Now, we don’t know the impact to the application when there is latency in infrastructure. That depends on the application. Even on the same identical software, e.g. SQL Server 2016, the impact may differ as it depends on how you use that software. Different nature of business workload (e.g. batch vs OLTP) gets impacted differently even on the identical version of the software.
The good thing is we’re not measuring application. We are measuring infrastructure. Infra that takes the shape of service (meaning VM owners don’t really care the spec) cannot be measured by the hardware spec as that’s irrelevant. So you track how well a VM is served by the IaaS instead.
For example, for a Tier 1 VM, what the VM gets will be very close to what it wants. For example, CPU Contention will be below 0.3%, while Memory Contention will simply be 0%. Disk Latency maybe 5 ms (you need to specify it as it can’t be 0 ms).

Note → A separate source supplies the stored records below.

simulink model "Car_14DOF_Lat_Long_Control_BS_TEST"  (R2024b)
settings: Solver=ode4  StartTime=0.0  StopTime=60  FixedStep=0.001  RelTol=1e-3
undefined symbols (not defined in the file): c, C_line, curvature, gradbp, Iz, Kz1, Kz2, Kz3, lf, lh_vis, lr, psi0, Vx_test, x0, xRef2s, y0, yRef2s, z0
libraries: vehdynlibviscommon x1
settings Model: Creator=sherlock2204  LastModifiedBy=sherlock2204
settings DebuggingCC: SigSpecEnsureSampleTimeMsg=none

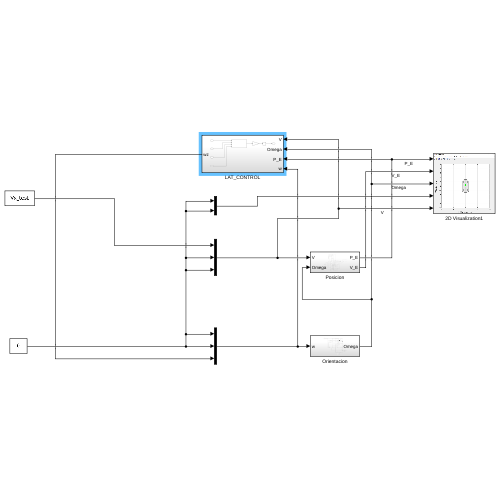
[thumbnail: Simulink's stored preview of the top-level diagram]
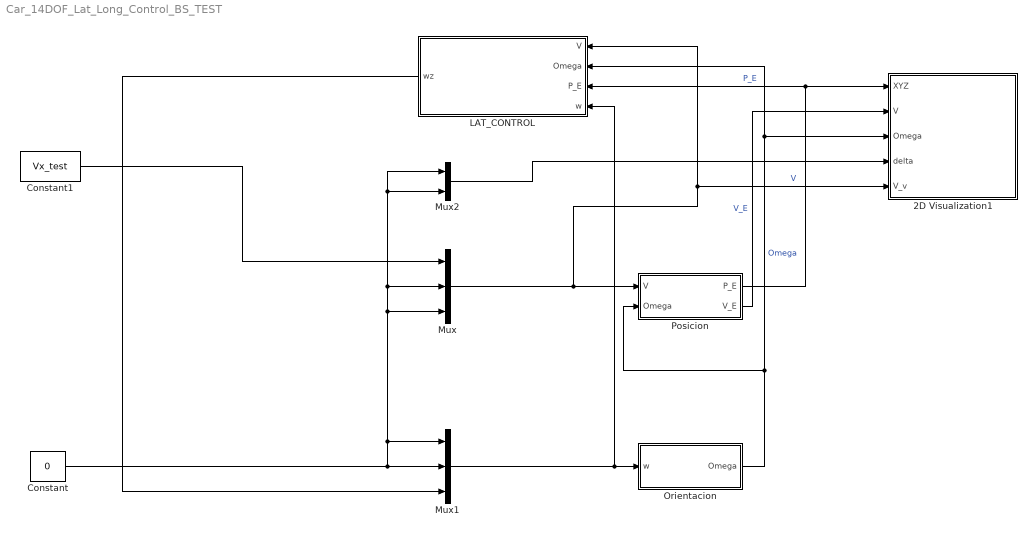
== system Car_14DOF_Lat_Long_Control_BS_TEST ==
  2D Visualization1 : Subsystem
      mask Display: image("visualization.JPG");
  Constant : Constant  Value=0
  Constant1 : Constant  Value=Vx_test
  LAT_CONTROL : Subsystem
  Mux : Mux  Inputs=3
  Mux1 : Mux  Inputs=3
  Mux2 : Mux  Inputs=2
  Orientacion : Subsystem
  Posicion : Subsystem
  wires:
  Mux/1 -> Posicion/1(V), LAT_CONTROL/1(V), 2D Visualization1/5(V_v)  "V"
  Orientacion/1(Omega) -> LAT_CONTROL/2(Omega), 2D Visualization1/3(Omega), Posicion/2(Omega)  "Omega"
  Posicion/2(V_E) -> 2D Visualization1/2(V)  "V_E"
  Posicion/1(P_E) -> 2D Visualization1/1(XYZ), LAT_CONTROL/3(P_E)  "P_E"
  Mux1/1 -> LAT_CONTROL/4(w), Orientacion/1(w)
  LAT_CONTROL/1(wz) -> Mux1/3
  Constant/1 -> Mux/2, Mux2/2, Mux2/1, Mux/3, Mux1/1, Mux1/2
  Constant1/1 -> Mux/1
  Mux2/1 -> 2D Visualization1/4(delta)

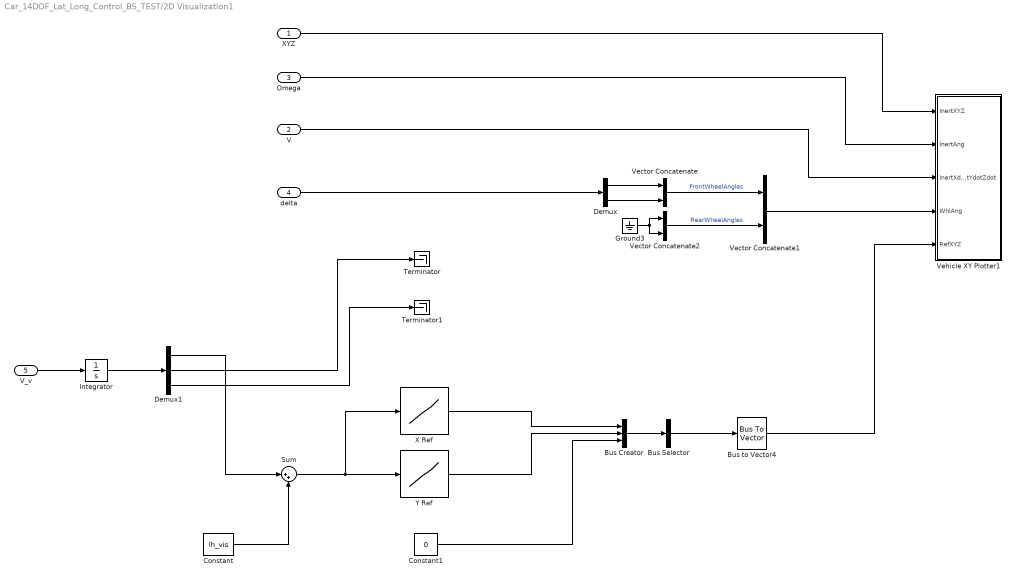
== system Car_14DOF_Lat_Long_Control_BS_TEST/2D Visualization1 ==
  XYZ : Inport
  V : Inport  Port=2
  Omega : Inport  Port=3
  delta : Inport  Port=4
  V_v : Inport  Port=5
  Bus Creator : BusCreator  Inputs=3
  Bus Selector : BusSelector  OutputSignals=signal1,signal2,signal3  OutputAsBus=on
  Bus to Vector4 : BusToVector
  Constant : Constant  Value=lh_vis
  Constant1 : Constant  Value=0
  Demux : Demux  Outputs=2
  Demux1 : Demux  Outputs=3
  Ground3 : Ground
  Integrator : Integrator
  Sum : Sum  Inputs=|++
  Terminator : Terminator
  Terminator1 : Terminator
  Vector Concatenate : Concatenate
  Vector Concatenate1 : Concatenate
  Vector Concatenate2 : Concatenate
  Vehicle XY Plotter1 : Subsystem  mask(Vehicle XY Plotter){extRef=on, extStats=off, extTireF=off, a=lf, b=lr, w=c, figBorder=10, bufferSize=1024, velNorm=5, tireFNorm=1000, pltDT=0.2}
      mask prompts: extRef "Plot path reference, extRef"; extStats "Display speed, RPM and Gear"; extTireF "Display tire forces"; a "Distance to front axle from CG, a [m]:"; b "Distance to rear axle from CG, b [m]:"; w "Track width, w [m]:"; figBorder "Distance to figure borders, figBorder [m]:"; bufferSize "Path buffer sampe size, bufferSize []:"; velNorm "Velocity vector scaling, velNorm [m*s/m]:"; tireFNorm "Tire force vector scaling, tireFNorm [m/N]:"; pltDT "Plot update rate, pltDT [s]:"
      mask help:
      | This block will display a MATLAB figure which indicates the vehicle path, current position and heading velocity.
      | An optional path reference is also provided.
      mask init:
      | block = gcb;
      | if autoblkschecksimstopped(block)
      |     ParamNames = {'extRef';'extStats';'extTireF';'extTireF'};
      |     PortNames = {'RefXYZ';'Stats';'TireFx';'TireFy'};
      |     for idx=1:length(PortNames)
      |         InportOption  = {'built-in/Ground', [PortNames{idx}, ' Ground'];...
      |             'built-in/Inport',PortNames{idx}};
      |         if ~strcmp(get_param(block,ParamNames{idx}),'on')
      |             NewBlkHdl = autoblksreplaceblock(block, InportOption, 1);
      |             set_param(NewBlkHdl, 'ShowName', 'off');
      |         else
      |             autoblksreplaceblock(block, InportOption, 2);
      |         end
      |     end
      |     InportNames = {'InertXYZ';'InertAng';'InertXdotYdotZdot';'WhlAng';'RefXYZ';'Stats';'TireFx';'TireFy'};
      |     FoundNames = get_param(find_system(block, 'LookUnderMasks', 'all', 'SearchDepth', 1, 'FollowLinks', 'on', 'BlockType', 'Inport'), 'Name');
      |     [~,PortI] = intersect(InportNames, FoundNames);
      |     PortI = sort(PortI);
      |     for idx = 1:length(PortI)
      |         set_param([block, '/', InportNames{PortI(idx)}], 'Port', num2str(idx));
      |     end
      | end
      mask TypeOptions a: Vehicle XY Plotter/a
      mask TypeOptions b: Vehicle XY Plotter/b
      mask TypeOptions w: Vehicle XY Plotter/w
      mask TypeOptions figBorder: Vehicle XY Plotter/figBorder
      mask TypeOptions bufferSize: Vehicle XY Plotter/bufferSize
      mask TypeOptions velNorm: Vehicle XY Plotter/velNorm
      mask TypeOptions tireFNorm: Vehicle XY Plotter/tireFNorm
      mask DialogControl Container3 Prompt: Plot and Display Options
  X Ref : Lookup_n-D  NumberOfTableDimensions=1  BreakpointsForDimension1=gradbp  Table=xRef2s  InternalRulePriority=Speed  RndMeth=Simplest
  Y Ref : Lookup_n-D  NumberOfTableDimensions=1  BreakpointsForDimension1=gradbp  Table=yRef2s  InternalRulePriority=Speed  RndMeth=Simplest
  wires:
  Omega/1 -> Vehicle XY Plotter1/2(InertAng)
  XYZ/1 -> Vehicle XY Plotter1/1(InertXYZ)
  V/1 -> Vehicle XY Plotter1/3(InertXdotYdotZdot)
  Vector Concatenate2/1 -> Vector Concatenate1/2  "RearWheelAngles"
  Vector Concatenate/1 -> Vector Concatenate1/1  "FrontWheelAngles"
  Ground3/1 -> Vector Concatenate2/2, Vector Concatenate2/1
  Vector Concatenate1/1 -> Vehicle XY Plotter1/4(WhlAng)
  delta/1 -> Demux/1
  Demux/1 -> Vector Concatenate/1
  Demux/2 -> Vector Concatenate/2
  Bus Creator/1 -> Bus Selector/1
  Y Ref/1 -> Bus Creator/2
  Bus Selector/1 -> Bus to Vector4/1
  Demux1/3 -> Terminator1/1
  X Ref/1 -> Bus Creator/1
  Constant1/1 -> Bus Creator/3
  Bus to Vector4/1 -> Vehicle XY Plotter1/5(RefXYZ)
  Demux1/2 -> Terminator/1
  V_v/1 -> Integrator/1
  Integrator/1 -> Demux1/1
  Demux1/1 -> Sum/1
  Sum/1 -> X Ref/1, Y Ref/1
  Constant/1 -> Sum/2

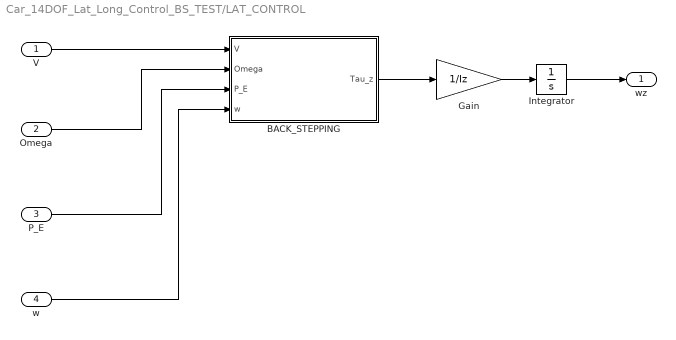
== system Car_14DOF_Lat_Long_Control_BS_TEST/LAT_CONTROL ==
  V : Inport
  Omega : Inport  Port=2
  P_E : Inport  Port=3
  w : Inport  Port=4
  BACK_STEPPING : Subsystem
  Gain : Gain  Gain=1/Iz
  Integrator : Integrator
  wz : Outport
  wires:
  V/1 -> BACK_STEPPING/1(V)
  Omega/1 -> BACK_STEPPING/2(Omega)
  P_E/1 -> BACK_STEPPING/3(P_E)
  w/1 -> BACK_STEPPING/4(w)
  BACK_STEPPING/1(Tau_z) -> Gain/1
  Gain/1 -> Integrator/1
  Integrator/1 -> wz/1

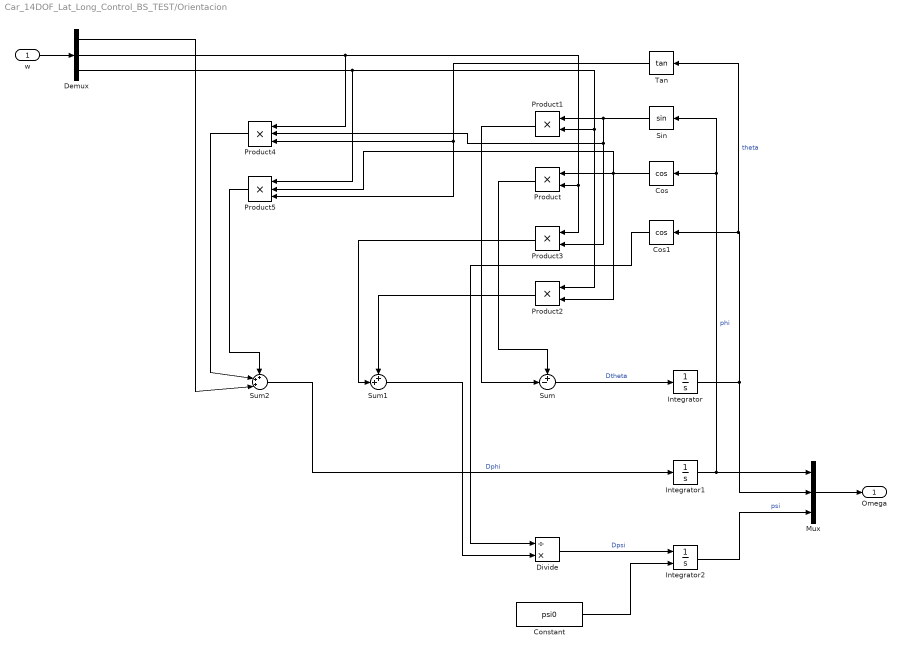
== system Car_14DOF_Lat_Long_Control_BS_TEST/Orientacion ==
  w : Inport
  Constant : Constant  Value=psi0
  Cos : Trigonometry  Operator=cos
  Cos1 : Trigonometry  Operator=cos
  Demux : Demux  Outputs=3
  Divide : Product  Inputs=/*
  Integrator : Integrator
  Integrator1 : Integrator
  Integrator2 : Integrator  InitialConditionSource=external
  Mux : Mux  Inputs=3
  Product{,1..3} (4 alike) : Product
  Product4 : Product  Inputs=3
  Product5 : Product  Inputs=3
  Sin : Trigonometry
  Sum : Sum  Inputs=+-|
  Sum1 : Sum  Inputs=++|
  Sum2 : Sum  Inputs=+++|
  Tan : Trigonometry  Operator=tan
  Omega : Outport
  wires:
  w/1 -> Demux/1
  Integrator/1 -> Mux/2, Tan/1, Cos1/1  "theta"
  Integrator2/1 -> Mux/3  "psi"
  Sin/1 -> Product4/2, Product3/2, Product1/1
  Cos/1 -> Product5/2, Product2/2, Product/1
  Demux/2 -> Product4/1, Product3/1, Product/2
  Demux/3 -> Product5/1, Product2/1, Product1/2
  Product/1 -> Sum/1
  Product1/1 -> Sum/2
  Sum/1 -> Integrator/1  "Dtheta"
  Integrator1/1 -> Sin/1, Cos/1, Mux/1  "phi"
  Product2/1 -> Sum1/1
  Product3/1 -> Sum1/2
  Divide/1 -> Integrator2/1  "Dpsi"
  Sum1/1 -> Divide/2
  Cos1/1 -> Divide/1
  Tan/1 -> Product4/3, Product5/3
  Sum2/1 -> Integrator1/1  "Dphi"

A Tier 3 VM, on the other hand, will have worse SLA. The CPU Contention maybe 15% (you decide with CIO), the Disk latency maybe 40 ms (again, this is a business decision).
An SLA isn’t useful if it’s not tracked per VM. You track it every 5 minutes for every single VM. This is part of Operationalize Your World.
I talked earlier about controlling the demand by limiting the VM size. You specify the limit to VM size for each tier. For example, any VM in Tier 2 cannot span a physical socket. You will impact the hypervisor scheduler. Customer who wants monster VM is more than welcome to move to higher tier. You do not act as gatekeeper or government. It’s their money and they don’t appreciate you playing parent.
How do you encourage right-sizing?
Not by “we try to save company money” motherhood talk. This is business, and both Apps team and Infra team are professional. Avoid playing the government in internal IT. The Application Team expects to be treated as customers, not just colleague.
Develop a pricing model that is compelling for them to go small. Use this as best practice:
The above uses Discount and Tax. As a result, it’s much cheaper to go small. A 32 vCPU VM costs 32x of 4 vCPU, not 8x.
The above gets you the model. How about the actual price?
In business, there is no point if you can’t put a price.
Bad news, your price has been set by leading cloud players (AWS & Azure). It’s a commodity business using commodity software and hardware. The price of DC co-location and admin salary are pretty similar too.
All these means the price can’t differ that much. Using the airline analogy, the price among airlines are similar too.
Here is the price from AWS (as at 31 July 2017).
I use M4 series as that gives balance CPU & RAM. Other series are cheaper but they are using older hardware and does not provide balance combination.
From the above, I take the 1-year contract, 100% paid up front for comparison. In Enterprise IT, you may get budget annually and the budget can be transferred up front at the start of fiscal year.
The price above excludes Storage and Network. Only Compute. It also excludes Support, Monitoring, Reporting, Guest OS update, Network, Backup, Security.
It includes: DC facility rent, IaaS software + maintenance.
How do you calculate your price from above? You can take a comparison, and make it apple to apple.
I took 50 4 vCPU VM and 25 8 vCPU VM, and calculate the 3 year price.
To convert to private cloud, use 2:1 overcommit. AWS counts the HT as core.
Based on the above, you can see the price of AWS is high, as it > $100K per ESXi.
To determine your VM cost, you start by determining your total cost. I put half of AWS as I still think it’s reasonable. $396K for 7 ESXi still give you room for IT team salary, DC colocation, etc.
The above gives you your price for the equivalent AWS or Azure machine.
You should run your own calculation. Use your own overcommit ratio and VM size.
Once done, you should take this price to your internal customers. Have a Pricing discussion. When you order food at restaurant, does the price matter to you?
As the architect of the platform, you know the value of your creation best.
I hope this blog gives you food for thought. Capacity Management does not start when the VM is deployed, or the hardware was purchased. It starts much earlier than that. Go back to that time, as that’s how you can get out of the never ending right-sizing and argument over capacity.